I couldn't get the water chiller pics to attach right away. Had to resize them. Here is my Bluhell in flower as well, smelling so sweet in the tent :icon_smile:

Well :doh: I attached the wrong pics. The first 2 plant pics are my BKush that are in my cabinet. The last 2 are the Bluhell in the tent


----------



## cmd420 (Jul 18, 2012)

I have a SD 150 as well.. good purchase


----------



## Hushpuppy (Jul 18, 2012)

So I pulled the Burmese Kush last wednesday and put up some nice, frosty buds. Not overly happy with the results but I guess for a 7week Kush I can't complain. here's a couple of the top buds :icon_smile:


----------



## Hushpuppy (Aug 7, 2012)

Here is a couple pics of the last set of plants that were in flower just a few days before harvest. This is Bluhell, 4 plants in the new tent. This is the first grow in the new tent. I only had these 4 under 2 600wHPS and they only filled a little over half of the tent. I wish I had planted 6 of these in there. I finished with 13oz dry weight, so I am quite happy with this one  

First 2 pics are just before harvest. The last pic is 4 weeks into flower so that you can see how much they thickened up by the end. These buds turned out to be very odd though. Not at all dense, thick, and tight, but loose and stringy and bead-like. I suspect this plant strain has Dr.Grinspoon in the genetics.


----------



## Hushpuppy (Aug 8, 2012)

I found this last pic of the harvest of the Bluhell. I ended up with my whole drying cabinet full-o-bud :icon_smile:


----------



## Sin inc (Aug 13, 2012)

wow vey nice hush cant wait to see more


----------



## Hushpuppy (Aug 20, 2012)

So I got 3 new girls in my tent in flower for 3 weeks now. 2 of them are BBP and the third is Blue Mystic. I can't get the Mystic to do just right in soil but the BBP seems to take well to my organic compost tea 

Also got some new kids in the bullpen waiting not so patiently for me to get my second tent up and rolling so that they can get to flowering. Check the growth from the second pic which was taken on 8-1 and the 3rd pic taken on 8-20. These are the infamous Blueberry Punch 

The last pics ar the newest kids the truely famous Larry OG Kush  :hubba:


----------



## The Silver Bullet Special (Aug 20, 2012)

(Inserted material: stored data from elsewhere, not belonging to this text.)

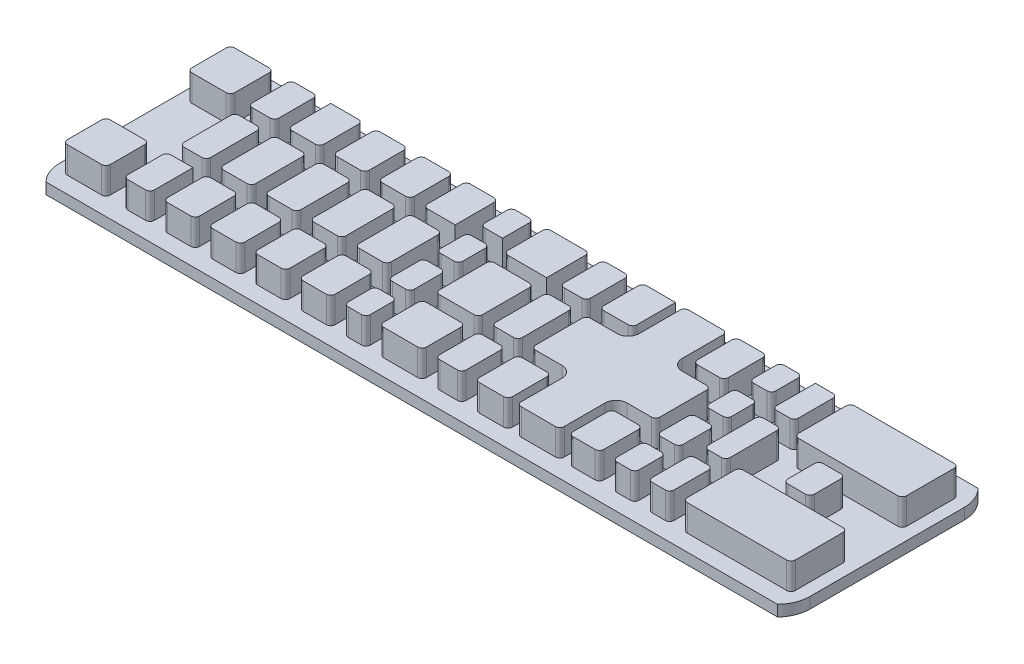
SolidWorks part; units mm, degrees
material "PVB"
ref_plane "Front Plane" through (0, 0, 0) normal (0, 0, 1) x (1, 0, 0)
ref_plane "Top Plane" through (0, 0, 0) normal (0, 1, 0) x (1, 0, 0)
ref_plane "Right Plane" through (0, 0, 0) normal (1, 0, 0) x (0, 0, -1)
ref_axis "X-axis" through (-88.99, 0, 0) along (1, 0, 0)
ref_axis "Y-axis" through (0, 55, 0) along (0, -1, 0)
ref_axis "Z-axis" through (0, 0, -88.99) along (0, 0, 1)
sketch "Sketch1" plane through (0, 0, 0) normal (0, 1, 0) x (1, 0, 0)
  line L1 (109.22, 25.4) -> (-109.22, 25.4)
  line L2 (109.22, 25.4) -> (109.22, -25.4)
  line L3 (109.22, -25.4) -> (-109.22, -25.4)
  line L4 (-109.22, 25.4) -> (-109.22, -25.4)
  line L5 (109.22, 25.4) -> (-109.22, -25.4) construction
  line L6 (109.22, -25.4) -> (-109.22, 25.4) construction
  point P0 (0, 0)
  dimension "D1" = 218.44
  dimension "D2" = 50.8
extrude "Boss-Extrude1" add sketch "Sketch1" along normal blind 2.54
sketch "Sketch4" plane through (0, 2.54, 0) normal (0, 1, 0) x (1, 0, 0)
  line L0 (-99.314, 19.304) -> (-99.314, 9.398)
  line L1 (109.22, 25.4) -> (-109.22, 25.4) construction
  line L2 (-109.22, -25.4) -> (109.22, -25.4) construction
  line L3 (-109.22, 25.4) -> (-109.22, -25.4) construction
  line L4 (-89.408, 19.304) -> (-89.408, 9.398)
  line L5 (-85.344, 19.304) -> (-85.344, 9.398)
  line L6 (-79.248, 19.304) -> (-79.248, 9.398)
  line L7 (-76.2, 19.304) -> (-76.2, 9.398)
  line L8 (-68.834, 19.304) -> (-68.834, 9.398)
  line L9 (-65.786, 19.304) -> (-65.786, 9.398)
  line L10 (-58.42, 19.304) -> (-58.42, 9.398)
  line L11 (-55.372, 19.304) -> (-55.372, 9.398)
  line L12 (-48.006, 19.304) -> (-48.006, 9.398)
  line L13 (-44.958, 19.304) -> (-44.958, 9.398)
  line L14 (-37.592, 19.304) -> (-37.592, 9.398)
  line L15 (-34.544, 19.304) -> (-34.544, 12.192)
  line L16 (35.56, 19.304) -> (35.56, 9.398)
  line L17 (32.512, 19.304) -> (32.512, 12.192)
  line L18 (27.432, 19.304) -> (27.432, 12.192)
  line L19 (24.384, 19.304) -> (24.384, 9.398)
  line L20 (17.272, 19.304) -> (17.272, 9.398)
  line L21 (15.24, 19.304) -> (15.24, 6.35)
  line L22 (5.334, 19.304) -> (5.334, 6.35)
  line L23 (-29.464, 19.304) -> (-29.464, 12.192)
  line L24 (-26.416, 19.304) -> (-26.416, 9.398)
  line L25 (-16.51, 19.304) -> (-16.51, 8.8607)
  line L26 (-13.462, 19.304) -> (-13.462, -6.35)
  line L27 (-7.366, 19.304) -> (-7.366, -6.35)
  line L28 (-4.318, 19.304) -> (-4.318, 9.398)
  line L29 (3.302, 19.304) -> (3.302, 9.398)
  line L30 (-99.314, 19.304) -> (-89.408, 19.304)
  line L31 (-99.314, -19.304) -> (-89.408, -19.304)
  line L32 (-99.314, -9.398) -> (-89.408, -9.398)
  line L33 (-99.314, 9.398) -> (-89.408, 9.398)
  line L34 (-34.544, 9.144) -> (-29.464, 9.144)
  line L35 (-34.544, -9.144) -> (-29.464, -9.144)
  line L36 (-85.344, -19.304) -> (-79.248, -19.304)
  line L37 (-85.344, -9.398) -> (-79.248, -9.398)
  line L38 (-85.344, -6.35) -> (-79.248, -6.35)
  line L39 (-85.344, 9.398) -> (-79.248, 9.398)
  line L40 (-85.344, 6.35) -> (-79.248, 6.35)
  line L41 (-85.344, 19.304) -> (-79.248, 19.304)
  line L42 (-44.958, -19.304) -> (-37.592, -19.304)
  line L43 (-44.958, -9.398) -> (-37.592, -9.398)
  line L44 (-44.958, -6.35) -> (-37.592, -6.35)
  line L45 (-44.958, 6.35) -> (-37.592, 6.35)
  line L46 (-44.958, 9.398) -> (-37.592, 9.398)
  line L47 (-55.372, -19.304) -> (-48.006, -19.304)
  line L48 (-55.372, -9.398) -> (-48.006, -9.398)
  line L49 (-55.372, -6.35) -> (-48.006, -6.35)
  line L50 (-55.372, 6.35) -> (-48.006, 6.35)
  line L51 (-55.372, 9.398) -> (-48.006, 9.398)
  line L52 (-65.786, -19.304) -> (-58.42, -19.304)
  line L53 (-65.786, -9.398) -> (-58.42, -9.398)
  line L54 (-65.786, -6.35) -> (-58.42, -6.35)
  line L55 (-65.786, 6.35) -> (-58.42, 6.35)
  line L56 (-65.786, 9.398) -> (-58.42, 9.398)
  line L57 (-76.2, -19.304) -> (-68.834, -19.304)
  line L58 (-76.2, -9.398) -> (-68.834, -9.398)
  line L59 (-76.2, -6.35) -> (-68.834, -6.35)
  line L60 (-76.2, 6.35) -> (-68.834, 6.35)
  line L61 (-76.2, 9.398) -> (-68.834, 9.398)
  line L62 (-76.2, 19.304) -> (-68.834, 19.304)
  line L63 (-65.786, 19.304) -> (-58.42, 19.304)
  line L64 (-55.372, 19.304) -> (-48.006, 19.304)
  line L65 (-44.958, 19.304) -> (-37.592, 19.304)
  line L66 (-99.314, -9.398) -> (-99.314, -19.304)
  line L67 (-89.408, -9.398) -> (-89.408, -19.304)
  line L68 (-34.544, 12.192) -> (-29.464, 12.192)
  line L69 (-34.544, -1.016) -> (-29.464, -1.016)
  line L70 (-34.544, 2.032) -> (-29.464, 2.032)
  line L71 (-34.544, -12.192) -> (-29.464, -12.192)
  line L72 (-34.544, 19.304) -> (-29.464, 19.304)
  line L73 (-34.544, -19.304) -> (-29.464, -19.304)
  line L74 (-85.344, -9.398) -> (-85.344, -19.304)
  line L75 (-79.248, -9.398) -> (-79.248, -19.304)
  line L76 (-76.2, -9.398) -> (-76.2, -19.304)
  line L77 (-68.834, -9.398) -> (-68.834, -19.304)
  line L78 (-65.786, -9.398) -> (-65.786, -19.304)
  line L79 (-58.42, -9.398) -> (-58.42, -19.304)
  line L80 (-55.372, -9.398) -> (-55.372, -19.304)
  line L81 (-48.006, -9.398) -> (-48.006, -19.304)
  line L82 (-44.958, -9.398) -> (-44.958, -19.304)
  line L83 (-37.592, -9.398) -> (-37.592, -19.304)
  line L84 (-37.592, 6.35) -> (-37.592, -6.35)
  line L85 (-44.958, 6.35) -> (-44.958, -6.35)
  line L86 (-48.006, 6.35) -> (-48.006, -6.35)
  line L87 (-55.372, 6.35) -> (-55.372, -6.35)
  line L88 (-58.42, 6.35) -> (-58.42, -6.35)
  line L89 (-65.786, 6.35) -> (-65.786, -6.35)
  line L90 (-68.834, 6.35) -> (-68.834, -6.35)
  line L91 (-76.2, 6.35) -> (-76.2, -6.35)
  line L92 (-79.248, 6.35) -> (-79.248, -6.35)
  line L93 (-85.344, 6.35) -> (-85.344, -6.35)
  line L94 (-34.544, -12.192) -> (-34.544, -19.304)
  line L95 (-29.464, -12.192) -> (-29.464, -19.304)
  line L96 (-29.464, -1.016) -> (-29.464, -9.144)
  line L97 (-34.544, -1.016) -> (-34.544, -9.144)
  line L98 (-34.544, 9.144) -> (-34.544, 2.032)
  line L99 (-29.464, 9.144) -> (-29.464, 2.032)
  line L100 (-26.416, -19.304) -> (-16.51, -19.304)
  line L101 (-26.416, -9.398) -> (-16.51, -9.398)
  line L102 (-26.416, -6.35) -> (-16.51, -6.35)
  line L103 (-26.416, 6.35) -> (-16.51, 6.35)
  line L104 (-26.416, 9.398) -> (-16.51, 9.398)
  line L105 (-26.416, 19.304) -> (-16.51, 19.304)
  line L106 (-26.416, -9.398) -> (-26.416, -19.304)
  line L107 (-16.51, -9.398) -> (-16.51, -19.304)
  line L108 (-26.416, 6.35) -> (-26.416, -6.35)
  line L109 (-13.462, 19.304) -> (-7.366, 19.304)
  line L110 (-7.366, 19.304) -> (-7.366, 9.398)
  line L111 (-7.366, 9.398) -> (-13.462, 9.398)
  line L112 (-13.462, 9.398) -> (-13.462, 19.304)
  line L113 (-13.462, 6.35) -> (-7.366, 6.35)
  line L114 (-7.366, 6.35) -> (-7.366, -6.35)
  line L115 (-7.366, -6.35) -> (-13.462, -6.35)
  line L116 (-13.462, -6.35) -> (-13.462, 6.35)
  line L117 (-16.51, 6.35) -> (-16.51, -6.35)
  line L118 (-16.51, 9.398) -> (-16.51, 19.304)
  line L119 (-13.462, -9.398) -> (-7.366, -9.398)
  line L120 (-7.366, -9.398) -> (-7.366, -19.304)
  line L121 (-7.366, -19.304) -> (-13.462, -19.304)
  line L122 (-13.462, -19.304) -> (-13.462, -9.398)
  line L123 (-4.318, -19.304) -> (3.302, -19.304)
  line L124 (3.302, -19.304) -> (3.302, -9.398)
  line L125 (3.302, -9.398) -> (-4.318, -9.398)
  line L126 (-4.318, -9.398) -> (-4.318, -19.304)
  line L127 (-4.318, 9.398) -> (3.302, 9.398)
  line L128 (3.302, 9.398) -> (3.302, 19.304)
  line L129 (3.302, 19.304) -> (-4.318, 19.304)
  line L130 (-4.318, 19.304) -> (-4.318, 9.398)
  line L131 (-4.318, 6.35) -> (3.302, 6.35)
  line L132 (-4.318, 6.35) -> (-4.318, -6.35)
  line L133 (-4.318, -6.35) -> (3.302, -6.35)
  line L134 (5.334, -19.304) -> (15.24, -19.304)
  line L135 (15.24, -19.304) -> (15.24, -8.89)
  line L136 (17.78, -6.35) -> (24.384, -6.35)
  line L137 (24.384, -6.35) -> (24.384, 6.35)
  line L138 (24.384, 6.35) -> (17.78, 6.35)
  line L139 (15.24, 8.89) -> (15.24, 19.304)
  line L140 (15.24, 19.304) -> (5.334, 19.304)
  line L141 (5.334, 19.304) -> (5.334, 6.35)
  line L142 (5.334, 6.35) -> (3.302, 6.35)
  line L143 (5.334, -19.304) -> (5.334, -6.35)
  line L144 (5.334, -6.35) -> (3.302, -6.35)
  line L145 (17.272, -19.304) -> (24.384, -19.304)
  line L146 (24.384, -19.304) -> (24.384, -9.398)
  line L147 (24.384, -9.398) -> (17.272, -9.398)
  line L148 (17.272, -9.398) -> (17.272, -19.304)
  line L149 (17.272, 9.398) -> (24.384, 9.398)
  line L150 (24.384, 9.398) -> (24.384, 19.304)
  line L151 (24.384, 19.304) -> (17.272, 19.304)
  line L152 (17.272, 19.304) -> (17.272, 9.398)
  line L153 (40.5638, 19.304) -> (40.5638, 9.398)
  line L154 (43.6118, 19.304) -> (43.6118, 6.35)
  line L155 (35.56, -19.304) -> (40.5638, -19.304)
  line L156 (40.5638, -19.304) -> (40.5638, -9.398)
  line L157 (40.5638, -9.398) -> (35.56, -9.398)
  line L158 (35.56, -9.398) -> (35.56, -19.304)
  line L159 (35.56, -6.35) -> (40.5638, -6.35)
  line L160 (40.5638, -6.35) -> (40.5638, 6.35)
  line L161 (40.5638, 6.35) -> (35.56, 6.35)
  line L162 (35.56, 6.35) -> (35.56, -6.35)
  line L163 (35.56, 19.304) -> (40.5638, 19.304)
  line L164 (40.5638, 19.304) -> (40.5638, 9.398)
  line L165 (40.5638, 9.398) -> (35.56, 9.398)
  line L166 (35.56, 9.398) -> (35.56, 19.304)
  line L167 (27.432, -12.192) -> (32.512, -12.192)
  line L168 (32.512, -12.192) -> (32.512, -19.304)
  line L169 (32.512, -19.304) -> (27.432, -19.304)
  line L170 (27.432, -19.304) -> (27.432, -12.192)
  line L171 (27.432, -9.144) -> (32.512, -9.144)
  line L172 (32.512, -9.144) -> (32.512, -1.016)
  line L173 (32.512, -1.016) -> (27.432, -1.016)
  line L174 (27.432, -1.016) -> (27.432, -9.144)
  line L175 (27.432, 2.032) -> (32.512, 2.032)
  line L176 (32.512, 2.032) -> (32.512, 8.8607)
  line L177 (32.512, 8.8607) -> (27.432, 8.8607)
  line L178 (27.432, 8.8607) -> (27.432, 2.032)
  line L179 (27.432, 12.192) -> (32.512, 12.192)
  line L180 (32.512, 12.192) -> (32.512, 19.304)
  line L181 (32.512, 19.304) -> (27.432, 19.304)
  line L182 (27.432, 19.304) -> (27.432, 12.192)
  line L183 (5.334, -6.35) -> (5.334, -19.304)
  line L184 (3.302, -9.398) -> (3.302, -19.304)
  line L185 (15.24, -6.35) -> (15.24, -19.304)
  line L186 (17.272, -9.398) -> (17.272, -19.304)
  line L187 (-4.318, -9.398) -> (-4.318, -19.304)
  line L188 (-7.366, -9.398) -> (-7.366, -19.304)
  line L189 (-13.462, -9.398) -> (-13.462, -19.304)
  line L190 (-4.318, 6.35) -> (-4.318, -6.35)
  line L191 (24.384, 6.35) -> (24.384, -6.35)
  line L192 (24.384, -9.398) -> (24.384, -19.304)
  line L193 (27.432, 8.8607) -> (27.432, 2.032)
  line L194 (32.512, 8.8607) -> (32.512, 2.032)
  line L195 (27.432, -1.016) -> (27.432, -9.144)
  line L196 (32.512, -1.016) -> (32.512, -9.144)
  line L197 (27.432, -12.192) -> (27.432, -19.304)
  line L198 (32.512, -12.192) -> (32.512, -19.304)
  line L199 (35.56, -9.398) -> (35.56, -19.304)
  line L200 (40.5638, -9.398) -> (40.5638, -19.304)
  line L201 (35.56, 6.35) -> (35.56, -6.35)
  line L202 (40.5638, 6.35) -> (40.5638, -6.35)
  line L203 (43.6118, -19.304) -> (68.5292, -19.304)
  line L205 (43.6118, 19.304) -> (68.5292, 19.304)
  line L206 (68.5292, 6.35) -> (43.6118, 6.35)
  line L207 (43.6118, -6.35) -> (68.5292, -6.35)
  line L208 (51.4858, -3.9841) -> (57.5818, -3.9841)
  line L209 (51.4858, 4.1578) -> (57.5818, 4.1578)
  line L212 (68.5292, 19.304) -> (68.5292, 6.35)
  line L215 (57.5818, 4.1578) -> (57.5818, -3.9841)
  line L216 (51.4858, 4.1578) -> (51.4858, -3.9841)
  line L217 (43.6118, -6.35) -> (43.6118, -19.304)
  line L220 (68.5292, -6.35) -> (68.5292, -19.304)
  arc A0 (17.78, 6.35) -> (15.24, 8.89) centre (17.78, 8.89) cw
  arc A1 (15.24, -8.89) -> (17.78, -6.35) centre (17.78, -8.89) cw
  dimension "D40" = 2.54
  dimension "D41" = 2.54
  dimension "D1" = 9.906
  dimension "D2" = 9.906
  dimension "D3" = 4.064
  dimension "D4" = 6.096
  dimension "D5" = 3.048
  dimension "D6" = 7.366
  dimension "D7" = 3.048
  dimension "D8" = 7.366
  dimension "D9" = 3.048
  dimension "D10" = 7.366
  dimension "D11" = 3.048
  dimension "D12" = 7.366
  dimension "D13" = 3.048
  dimension "D14" = 5.08
  dimension "D15" = 3.048
  dimension "D16" = 9.906
  dimension "D17" = 3.048
  dimension "D18" = 6.096
  dimension "D19" = 3.048
  dimension "D20" = 7.62
  dimension "D21" = 6.096
  dimension "D22" = 6.096
  dimension "D23" = 9.906
  dimension "D24" = 9.906
  dimension "D25" = 7.112
  dimension "D26" = 3.048
  dimension "D27" = 7.112
  dimension "D28" = 3.048
  dimension "D29" = 7.112
  dimension "D30" = 3.048
  dimension "D31" = 2.032
  dimension "D32" = 9.906
  dimension "D33" = 2.032
  dimension "D34" = 7.112
  dimension "D35" = 3.048
  dimension "D36" = 5.08
  dimension "D37" = 3.048
  dimension "D38" = 3.048
  dimension "D39" = 5.0038
  dimension "D42" = 12.954
  dimension "D43" = 12.954
  dimension "D46" = 24.9174
sketch "Sketch5" plane through (0, 2.54, 0) normal (0, 1, 0) x (1, 0, 0)
  line L0 (5.334, 19.304) -> (5.334, 6.35)
  line L1 (-99.314, 9.398) -> (-89.408, 9.398)
  line L2 (-99.314, 9.398) -> (-99.314, 19.304)
  line L3 (-99.314, 19.304) -> (-89.408, 19.304)
  line L4 (-89.408, 9.398) -> (-89.408, 19.304)
  line L5 (-99.314, -19.304) -> (-89.408, -19.304)
  line L6 (-99.314, -19.304) -> (-99.314, -9.398)
  line L7 (-99.314, -9.398) -> (-89.408, -9.398)
  line L8 (-89.408, -19.304) -> (-89.408, -9.398)
  line L9 (-85.344, -19.304) -> (-79.248, -19.304)
  line L10 (-85.344, -19.304) -> (-85.344, -9.398)
  line L11 (-85.344, -9.398) -> (-79.248, -9.398)
  line L12 (-79.248, -19.304) -> (-79.248, -9.398)
  line L13 (-85.344, -6.35) -> (-79.248, -6.35)
  line L14 (-85.344, -6.35) -> (-85.344, 6.35)
  line L15 (-85.344, 6.35) -> (-79.248, 6.35)
  line L16 (-79.248, -6.35) -> (-79.248, 6.35)
  line L17 (-85.344, 9.398) -> (-79.248, 9.398)
  line L18 (-85.344, 9.398) -> (-85.344, 19.304)
  line L19 (-85.344, 19.304) -> (-79.248, 19.304)
  line L20 (-79.248, 9.398) -> (-79.248, 19.304)
  line L21 (-76.2, 9.398) -> (-68.834, 9.398)
  line L22 (-76.2, 9.398) -> (-76.2, 19.304)
  line L23 (-76.2, 19.304) -> (-68.834, 19.304)
  line L24 (-68.834, 9.398) -> (-68.834, 19.304)
  line L25 (-76.2, -6.35) -> (-68.834, -6.35)
  line L26 (-76.2, -6.35) -> (-76.2, 6.35)
  line L27 (-76.2, 6.35) -> (-68.834, 6.35)
  line L28 (-68.834, -6.35) -> (-68.834, 6.35)
  line L29 (-76.2, -19.304) -> (-68.834, -19.304)
  line L30 (-76.2, -19.304) -> (-76.2, -9.398)
  line L31 (-76.2, -9.398) -> (-68.834, -9.398)
  line L32 (-68.834, -19.304) -> (-68.834, -9.398)
  line L33 (-65.786, -19.304) -> (-58.42, -19.304)
  line L34 (-65.786, -19.304) -> (-65.786, -9.398)
  line L35 (-65.786, -9.398) -> (-58.42, -9.398)
  line L36 (-58.42, -19.304) -> (-58.42, -9.398)
  line L37 (-65.786, -6.35) -> (-58.42, -6.35)
  line L38 (-65.786, -6.35) -> (-65.786, 6.35)
  line L39 (-65.786, 6.35) -> (-58.42, 6.35)
  line L40 (-58.42, -6.35) -> (-58.42, 6.35)
  line L41 (-65.786, 9.398) -> (-58.42, 9.398)
  line L42 (-65.786, 9.398) -> (-65.786, 19.304)
  line L43 (-65.786, 19.304) -> (-58.42, 19.304)
  line L44 (-58.42, 9.398) -> (-58.42, 19.304)
  line L45 (-55.372, 9.398) -> (-48.006, 9.398)
  line L46 (-55.372, 9.398) -> (-55.372, 19.304)
  line L47 (-55.372, 19.304) -> (-48.006, 19.304)
  line L48 (-48.006, 9.398) -> (-48.006, 19.304)
  line L49 (-55.372, -6.35) -> (-48.006, -6.35)
  line L50 (-55.372, -6.35) -> (-55.372, 6.35)
  line L51 (-55.372, 6.35) -> (-48.006, 6.35)
  line L52 (-48.006, -6.35) -> (-48.006, 6.35)
  line L53 (-55.372, -19.304) -> (-48.006, -19.304)
  line L54 (-55.372, -19.304) -> (-55.372, -9.398)
  line L55 (-55.372, -9.398) -> (-48.006, -9.398)
  line L56 (-48.006, -19.304) -> (-48.006, -9.398)
  line L57 (-44.958, -19.304) -> (-37.592, -19.304)
  line L58 (-44.958, -19.304) -> (-44.958, -9.398)
  line L59 (-44.958, -9.398) -> (-37.592, -9.398)
  line L60 (-37.592, -19.304) -> (-37.592, -9.398)
  line L61 (-44.958, -6.35) -> (-37.592, -6.35)
  line L62 (-44.958, -6.35) -> (-44.958, 6.35)
  line L63 (-44.958, 6.35) -> (-37.592, 6.35)
  line L64 (-37.592, -6.35) -> (-37.592, 6.35)
  line L65 (-44.958, 9.398) -> (-37.592, 9.398)
  line L66 (-44.958, 9.398) -> (-44.958, 19.304)
  line L67 (-44.958, 19.304) -> (-37.592, 19.304)
  line L68 (-37.592, 9.398) -> (-37.592, 19.304)
  line L69 (-34.544, 12.192) -> (-29.464, 12.192)
  line L70 (-34.544, 12.192) -> (-34.544, 19.304)
  line L71 (-34.544, 19.304) -> (-29.464, 19.304)
  line L72 (-29.464, 12.192) -> (-29.464, 19.304)
  line L73 (-34.544, 2.032) -> (-29.464, 2.032)
  line L74 (-34.544, 2.032) -> (-34.544, 9.144)
  line L75 (-34.544, 9.144) -> (-29.464, 9.144)
  line L76 (-29.464, 2.032) -> (-29.464, 9.144)
  line L77 (-34.544, -9.144) -> (-29.464, -9.144)
  line L78 (-34.544, -9.144) -> (-34.544, -1.016)
  line L79 (-34.544, -1.016) -> (-29.464, -1.016)
  line L80 (-29.464, -9.144) -> (-29.464, -1.016)
  line L81 (-26.416, -6.35) -> (-16.51, -6.35)
  line L82 (-26.416, -6.35) -> (-26.416, 6.35)
  line L83 (-26.416, 6.35) -> (-16.51, 6.35)
  line L84 (-16.51, -6.35) -> (-16.51, 6.35)
  line L85 (-26.416, 9.398) -> (-16.51, 9.398)
  line L86 (-26.416, 9.398) -> (-26.416, 19.304)
  line L87 (-26.416, 19.304) -> (-16.51, 19.304)
  line L88 (-16.51, 9.398) -> (-16.51, 19.304)
  line L89 (-13.462, 9.398) -> (-7.366, 9.398)
  line L90 (-13.462, 9.398) -> (-13.462, 19.304)
  line L91 (-13.462, 19.304) -> (-7.366, 19.304)
  line L92 (-7.366, 9.398) -> (-7.366, 19.304)
  line L93 (-4.318, 9.398) -> (3.302, 9.398)
  line L94 (-4.318, 9.398) -> (-4.318, 19.304)
  line L95 (-4.318, 19.304) -> (3.302, 19.304)
  line L96 (3.302, 9.398) -> (3.302, 19.304)
  line L97 (-13.462, -6.35) -> (-7.366, -6.35)
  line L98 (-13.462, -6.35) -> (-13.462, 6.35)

I've heard mixed reviews about Blue Mystic, which is why I didnt get it. I went with purple #1 hopefully yours turn out good, I'll be watchin to see how it goes. Goodluck!


----------



## Hushpuppy (Aug 21, 2012)

This is the third run of the Blue Mystic and I have had decent harvests from it with nice smoke but not the best by far. This will be my last time running it unless it really knocks my socks off.  I am planning on crossing my Larrys(if I get a male) with the mystic and the Punch to see if I get something special or not.


----------



## The Silver Bullet Special (Aug 22, 2012)

That should be a good mix, I want to grow out Larry sometime it seems like its a huge favorite here.  When I start growing out my fems like Lemon OG or LA confidential, or even Pineapple chunk. I may cross it with a white widow or satori to try and capture some of the Lemon, LA, Pineaple, genes.


----------



## Hushpuppy (Sep 6, 2012)

So here's the latest pics of the 2 tents and veg room girls. I like the challenge of growing in organic but I am unimpressed with the level of growth and speed of growth that I am getting with the organic versus my favorite coco/hydro 

The first pic is my latest BBP in hydro, about 2wks into flower. The second pic is tent A with the organic trio at the back with 4 hydro set Blue Mystic plants that are about 3wks in flower 

The 3rd pic with the LST plant in the center is the only lady Larry that I got from 4 seeds and I have it in organic soil. I topped, fimmed, and supercropped her to open her up to get her as bushy as possible so that I can get some nice clones from her before putting her in the tent in a few weeks.  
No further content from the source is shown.